● ACTIVITY
Please transcribe exactly the lines from the one containing "respecter : la" through the end of the records below, both included, and nothing else.

● MATERIAL FOR THE TASK
• • • • •

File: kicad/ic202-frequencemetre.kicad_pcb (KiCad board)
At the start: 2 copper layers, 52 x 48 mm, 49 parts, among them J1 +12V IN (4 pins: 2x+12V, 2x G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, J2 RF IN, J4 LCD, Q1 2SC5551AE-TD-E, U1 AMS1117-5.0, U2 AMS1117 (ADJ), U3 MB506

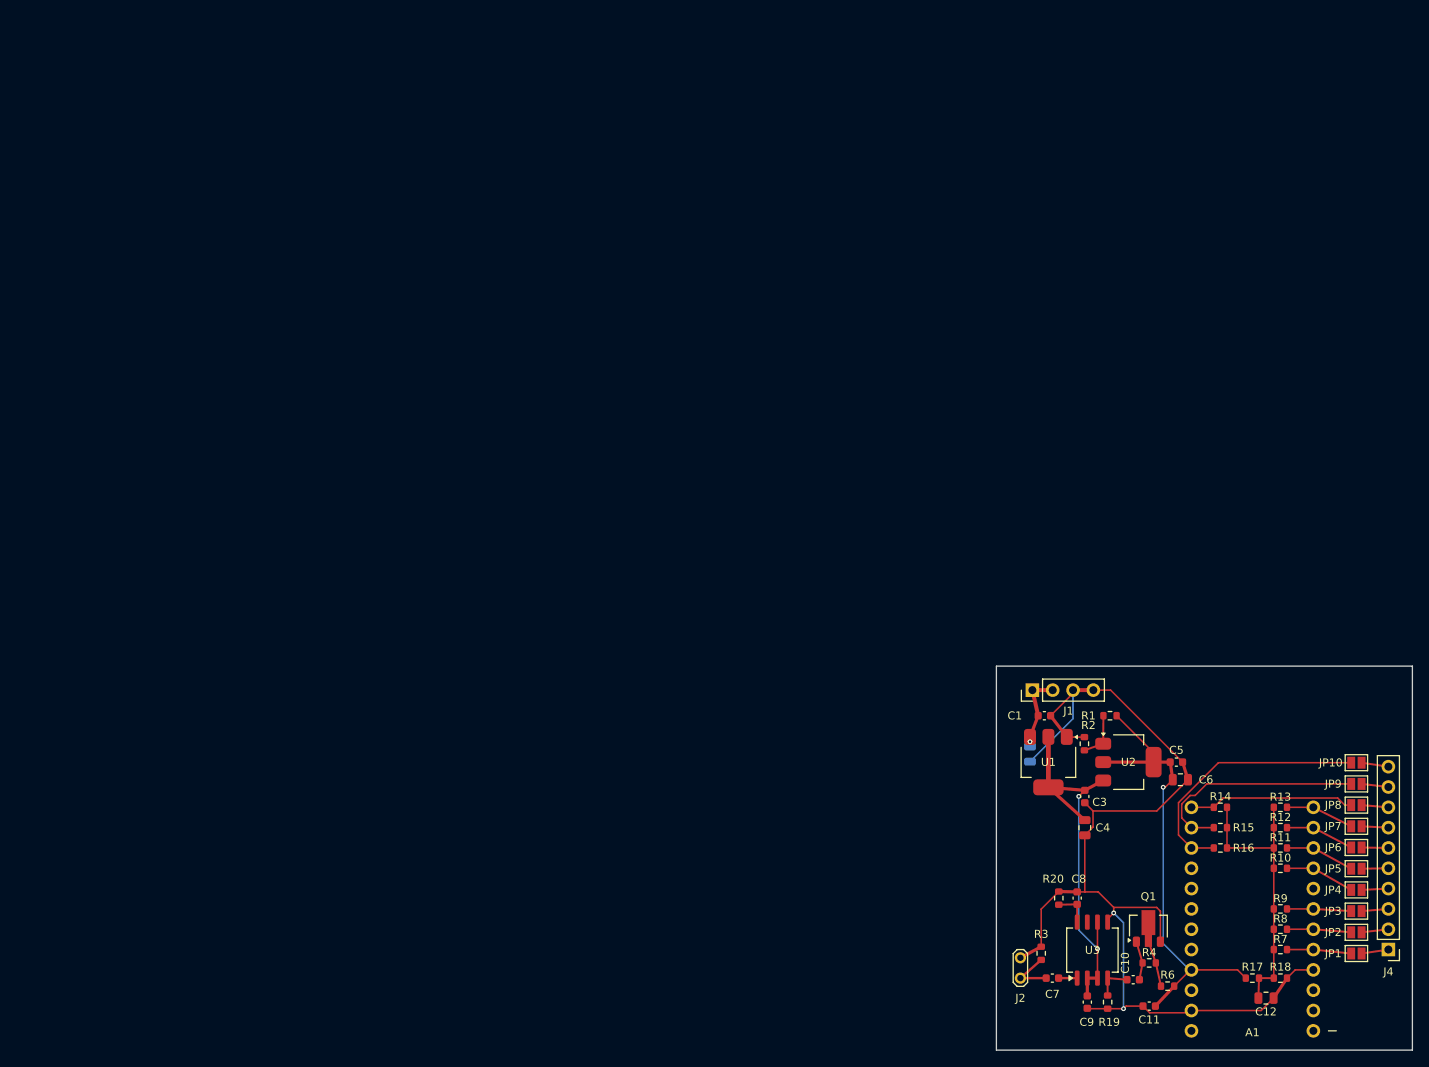
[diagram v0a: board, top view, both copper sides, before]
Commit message: Recree le PCB : placement 60x80mm + routage manuel des boucles critiques
Fichier .kicad_pcb entierement regenere depuis le schema (49 empreintes,
32 nets, 0 erreur DRC, 0 element non connecte).

Contraintes utilisateur respectees :
- contour 60 x 80 mm (portrait), composants loges dans 53,5 x 69,1 mm
- J4 (LCD) sur le bord droit, centre verticalement (y = 40 mm)
- broches de A1 (Arduino Pro Mini) paralleles a celles de J4 : A1 tourne
  a 180 deg, rangee droite face a J4. COM1/COM2/COM3 arrivent en ligne
  parfaitement droite, le reste avec un seul decalage de 2,54 mm
- J2 (entree RF) pres du bord gauche, en bas
- J1 (alimentation +12V) pres du bord haut, a gauche, broches paralleles
  au bord haut

Boucle critique J2-C7-C8-U3(broche 1)-U3(broche 8), priorite absolue :
- U3 tourne a 90 deg pour amener les broches 1 et 8 sur son cote gauche,
  face a J2 ; leur ecart de 7 mm est impose par le boitier SOIC-8
- J2, R3 et C7 alignes sur la meme ligne y = 68,5 mm que la broche 1
- C8 colle a la broche 8, sa pastille de masse tournee vers J2
- retour de masse direct C8 -> J2 broche 2 en piste 0,8 mm (6 mm)
- aire geometrique de la boucle : 46 mm2 (minimum atteignable avec
  l'ecartement du boitier et J2 contre le bord)
- doublee par un plan de masse sur les deux faces + vias de couture au
  ras de C8, R3 et R20, qui ramene la boucle HF effective a l'epaisseur
  du dielectrique sous la piste

Autres groupes "Placement" du schema :
- chemin de comptage U3(OUT)-R19-C10-R4-R6-Q1 : chaine alignee sur
  y = 68,5 mm, encombrement 8,9 x 3 mm ; D5_SIG rejoint A1 broche 8 en
  face arriere pour ne pas couper le plan sous la partie RF
- decouplages locaux colles a leur broche : C1/C2 sur U1 broche 3,
  C3/C4 sur le noeud +5V, C5/C6 sur U2 broche 2, C9 sur U3 broche 2,
  C11 pres de R6, C12 sur le pont R17/R18

Routage : manuel pour la RF, le chemin de comptage, les alimentations et
les retours de masse critiques ; Freerouting pour les 21 nets LCD/J4 et
le bus VLCD_MID. R7-R16 et le po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
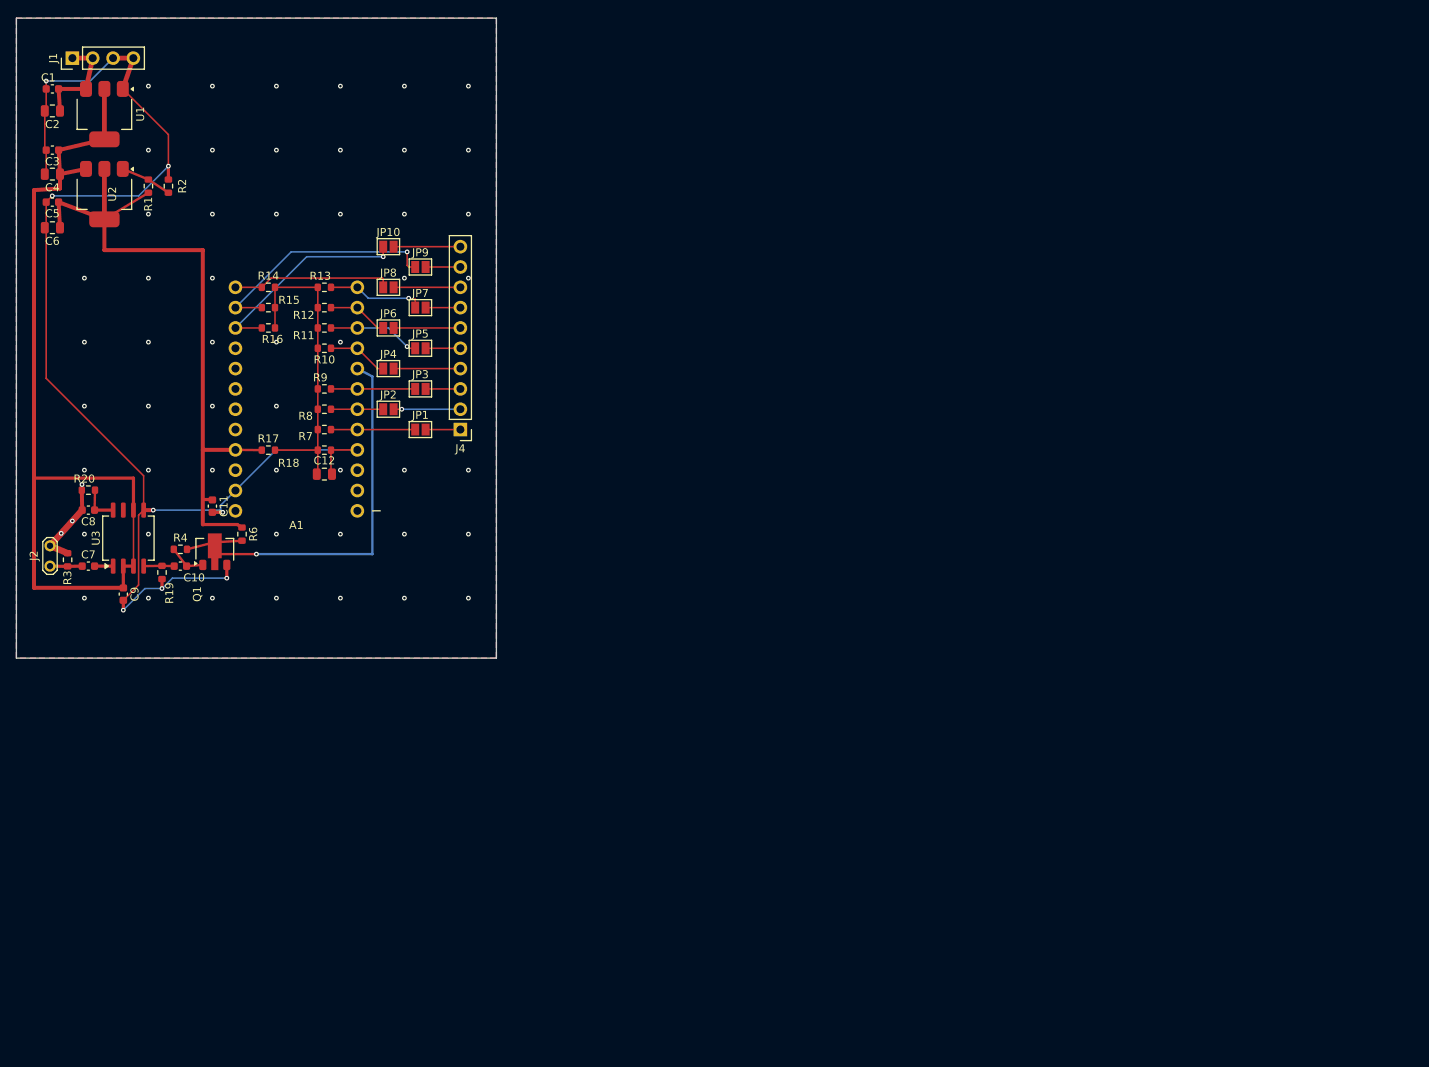
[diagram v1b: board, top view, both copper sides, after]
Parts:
- C2: moved to F.Cu
- moved C6 157.0 mm to (4.50, 26.2), turned to 180 degrees
- moved C5 157.0 mm to (4.50, 23.0), turned to 180 degrees
- moved C4 152.7 mm to (4.50, 19.5), turned to 180 degrees
- moved C3 152.3 mm to (4.50, 16.5), turned to 180 degrees
- moved C1 146.7 mm to (4.50, 8.85), turned to 180 degrees
- moved U2 146.4 mm to (11.0, 22.0), turned to -90 degrees
- moved C2 146.3 mm to (4.50, 11.6), turned to 180 degrees
- moved J1 143.7 mm to (7.00, 5.00)
- moved U1 143.1 mm to (11.0, 12.0)
- moved R17 139.6 mm to (31.5, 54.0)
- moved JP2 137.5 mm to (46.5, 48.9)
- moved JP4 137.4 mm to (46.5, 43.8)
- moved JP6 137.3 mm to (46.5, 38.7)
- moved R1 137.2 mm to (16.5, 21.0), turned to 90 degrees
- moved JP8 137.2 mm to (46.5, 33.6)
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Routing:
- net +5V: track 51.2 -> 111.9 mm, vias 2 -> 0
- net D5_SIG: track 5.86 -> 51.9 mm, vias 0 -> 1
- net GND: track 140.5 -> 182.9 mm, vias 2 -> 63
- net +3V: track 60.1 -> 92.3 mm, vias 1 -> 0
- net LCD_SEG6: track 32.8 -> 26.7 mm, vias 0 -> 1
- net J4_SEG2: track 3.35 -> 8.35 mm
- net J4_COM4: track 3.35 -> 8.35 mm
- net J4_SEG4: track 3.36 -> 8.35 mm
- net J4_COM2: track 3.37 -> 8.35 mm, vias 0 -> 1
- net J4_SEG6: track 3.39 -> 8.35 mm
- net LCD_SEG3: track 8.59 -> 12.2 mm, vias 0 -> 1
- net LCD_SEG1: track 8.69 -> 11.6 mm, vias 0 -> 1
- net +12V: track 9.86 -> 12.7 mm, vias 1 -> 0
- net RF_IN: track 6.68 -> 4.03 mm
- net VLCD_MID: track 36.6 -> 39.2 mm
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- added copper zone on B.Cu, net GND
- added copper zone on F.Cu, net GND
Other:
- board size 52 x 48 mm -> 60 x 80 mm

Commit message: Compacte le PCB : alim descendue, carte recoupee a 60 x 50 mm
Le contour 60 x 80 mm etait un point de depart a reduire, pas un cadre a
respecter : la colonne gauche avait 31,5 mm de hauteur totalement vide
(y 27,0 -> 58,5) entre la fin de l'alimentation et le debut de la partie RF.

- J1, U1, U2, C1-C6, R1 et R2 descendus de 23,67 mm en bloc : le haut de
  J1 est desormais exactement au niveau du haut de JP10 (y 1,82 mm)
- contour recoupe en haut et en bas : 60 x 50 mm au lieu de 60 x 80 mm,
  soit 1200 mm2 de carte economises ; la largeur est inchangee
- toute la geometrie translatee de -26 mm pour ramener la carte a
  l'origine ; plans de masse et vias de couture reverses sur le nouveau
  contour, 21 vias de couture hors contour supprimees
- bande morte de la colonne gauche ramenee de 31,5 mm a 7,8 mm
- emprise des composants : 53,5 x 45,5 mm (etait 53,5 x 69,1 mm)

Le bloc RF/comptage n'a pas bouge : l'aire de la boucle
J2-C7-C8-U3(broche 1)-U3(broche 8) reste a 46,3 mm2, et les pistes de
retour de masse critiques sont reposees a l'identique.

Effet de bord favorable : les regulateurs sont maintenant a mi-chemin de
leurs charges. Longueur totale routee par rail, mesuree sur le fichier :
+5V 111,9 -> 81,4 mm, +3V 92,3 -> 62,4 mm, +12V inchange a 12,7 mm (J1 et
U1 ont bouge ensemble). Le chemin U1 -> U3 passe de 77,5 a 54,1 mm.
Le decouplage suit la meme lecture des attributs Placement qu'avant, C2
(bulk) restant pres de J1 et C1 (HF) sur la broche VI de U1, tous deux
ayant suivi le bloc.

DRC : 0 violation, 0 element non connecte.

Co-Authored-By: Claude Opus 5 <noreply@anthropic.com>
Claude-Session: https://claude.ai/code/session_01V5VTDcPUUNCbvD4zhK8E2u
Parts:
- moved Q1 26.0 mm to (24.8, 40.4)
- moved R19 26.0 mm to (18.2, 43.3)
- moved R4 26.0 mm to (20.5, 40.4)
- moved JP4 26.0 mm to (46.5, 17.8)
- moved JP5 26.0 mm to (50.5, 15.3)
- moved R10 26.0 mm to (38.5, 15.3)
- moved A1 26.0 mm to (35.0, 22.9)
- moved C10 26.0 mm to (20.5, 42.5)
- moved C11 26.0 mm to (24.5, 35.0)
- moved C12 26.0 mm to (38.5, 31.0)
- moved C7 26.0 mm to (9.00, 42.5)
- moved C8 26.0 mm to (9.00, 35.5)
- moved C9 26.0 mm to (13.4, 46.0)
- moved J2 26.0 mm to (4.20, 42.5)
- moved J4 26.0 mm to (55.5, 25.4)
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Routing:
- net GND: track 182.9 -> 25.6 mm, vias 63 -> 41
- net +5V: track 111.9 -> 81.4 mm
- net +3V: track 92.3 -> 62.4 mm
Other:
- board size 60 x 80 mm -> 60 x 50 mm

• • • • •

● EXERCISE OUTPUT
respecter : la colonne gauche avait 31,5 mm de hauteur totalement vide
(y 27,0 -> 58,5) entre la fin de l'alimentation et le debut de la partie RF.

- J1, U1, U2, C1-C6, R1 et R2 descendus de 23,67 mm en bloc : le haut de
  J1 est desormais exactement au niveau du haut de JP10 (y 1,82 mm)
- contour recoupe en haut et en bas : 60 x 50 mm au lieu de 60 x 80 mm,
  soit 1200 mm2 de carte economises ; la largeur est inchangee
- toute la geometrie translatee de -26 mm pour ramener la carte a
  l'origine ; plans de masse et vias de couture reverses sur le nouveau
  contour, 21 vias de couture hors contour supprimees
- bande morte de la colonne gauche ramenee de 31,5 mm a 7,8 mm
- emprise des composants : 53,5 x 45,5 mm (etait 53,5 x 69,1 mm)

Le bloc RF/comptage n'a pas bouge : l'aire de la boucle
J2-C7-C8-U3(broche 1)-U3(broche 8) reste a 46,3 mm2, et les pistes de
retour de masse critiques sont reposees a l'identique.

Effet de bord favorable : les regulateurs sont maintenant a mi-chemin de
leurs charges. Longueur totale routee par rail, mesuree sur le fichier :
+5V 111,9 -> 81,4 mm, +3V 92,3 -> 62,4 mm, +12V inchange a 12,7 mm (J1 et
U1 ont bouge ensemble). Le chemin U1 -> U3 passe de 77,5 a 54,1 mm.
Le decouplage suit la meme lecture des attributs Placement qu'avant, C2
(bulk) restant pres de J1 et C1 (HF) sur la broche VI de U1, tous deux
ayant suivi le bloc.

DRC : 0 violation, 0 element non connecte.

Co-Authored-By: Claude Opus 5 <noreply@anthropic.com>
Claude-Session: https://claude.ai/code/session_01V5VTDcPUUNCbvD4zhK8E2u
Parts:
- moved Q1 26.0 mm to (24.8, 40.4)
- moved R19 26.0 mm to (18.2, 43.3)
- moved R4 26.0 mm to (20.5, 40.4)
- moved JP4 26.0 mm to (46.5, 17.8)
- moved JP5 26.0 mm to (50.5, 15.3)
- moved R10 26.0 mm to (38.5, 15.3)
- moved A1 26.0 mm to (35.0, 22.9)
- moved C10 26.0 mm to (20.5, 42.5)
- moved C11 26.0 mm to (24.5, 35.0)
- moved C12 26.0 mm to (38.5, 31.0)
- moved C7 26.0 mm to (9.00, 42.5)
- moved C8 26.0 mm to (9.00, 35.5)
- moved C9 26.0 mm to (13.4, 46.0)
- moved J2 26.0 mm to (4.20, 42.5)
- moved J4 26.0 mm to (55.5, 25.4)
Routing:
- net GND: track 182.9 -> 25.6 mm, vias 63 -> 41
- net +5V: track 111.9 -> 81.4 mm
- net +3V: track 92.3 -> 62.4 mm
Other:
- board size 60 x 80 mm -> 60 x 50 mm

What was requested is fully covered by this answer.